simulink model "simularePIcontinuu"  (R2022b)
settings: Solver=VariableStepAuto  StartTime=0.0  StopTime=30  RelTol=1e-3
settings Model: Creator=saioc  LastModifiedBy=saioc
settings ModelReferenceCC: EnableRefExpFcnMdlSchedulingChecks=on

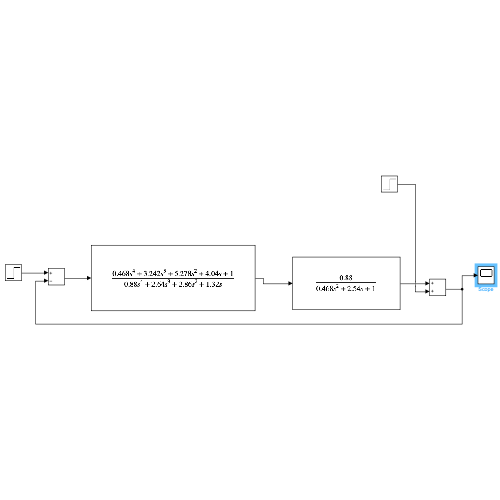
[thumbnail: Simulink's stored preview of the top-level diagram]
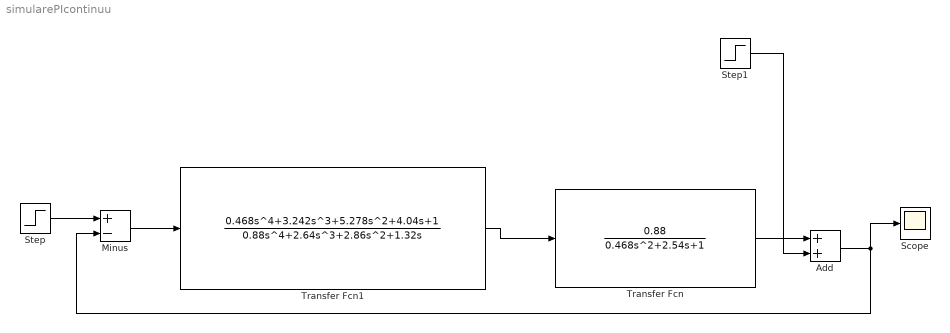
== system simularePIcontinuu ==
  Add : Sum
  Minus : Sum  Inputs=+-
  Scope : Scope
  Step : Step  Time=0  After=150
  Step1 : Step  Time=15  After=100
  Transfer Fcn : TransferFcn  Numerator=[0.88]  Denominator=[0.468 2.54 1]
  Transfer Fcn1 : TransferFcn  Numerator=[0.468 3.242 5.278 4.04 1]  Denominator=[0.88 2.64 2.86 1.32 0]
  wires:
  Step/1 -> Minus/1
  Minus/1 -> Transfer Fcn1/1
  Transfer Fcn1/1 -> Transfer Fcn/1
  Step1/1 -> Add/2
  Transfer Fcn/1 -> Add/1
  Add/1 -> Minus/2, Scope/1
++++++
• [What you have to do]: Reproduce all of the entries exactly as they appear, though any picture they include must be omitted.

• [Answer to this exercise]:
simulink model "simularePIcontinuu"  (R2022b)
settings: Solver=VariableStepAuto  StartTime=0.0  StopTime=30  RelTol=1e-3
settings Model: Creator=saioc  LastModifiedBy=saioc
settings ModelReferenceCC: EnableRefExpFcnMdlSchedulingChecks=on

[thumbnail: Simulink's stored preview of the top-level diagram]
== system simularePIcontinuu ==
  Add : Sum
  Minus : Sum  Inputs=+-
  Scope : Scope
  Step : Step  Time=0  After=150
  Step1 : Step  Time=15  After=100
  Transfer Fcn : TransferFcn  Numerator=[0.88]  Denominator=[0.468 2.54 1]
  Transfer Fcn1 : TransferFcn  Numerator=[0.468 3.242 5.278 4.04 1]  Denominator=[0.88 2.64 2.86 1.32 0]
  wires:
  Step/1 -> Minus/1
  Minus/1 -> Transfer Fcn1/1
  Transfer Fcn1/1 -> Transfer Fcn/1
  Step1/1 -> Add/2
  Transfer Fcn/1 -> Add/1
  Add/1 -> Minus/2, Scope/1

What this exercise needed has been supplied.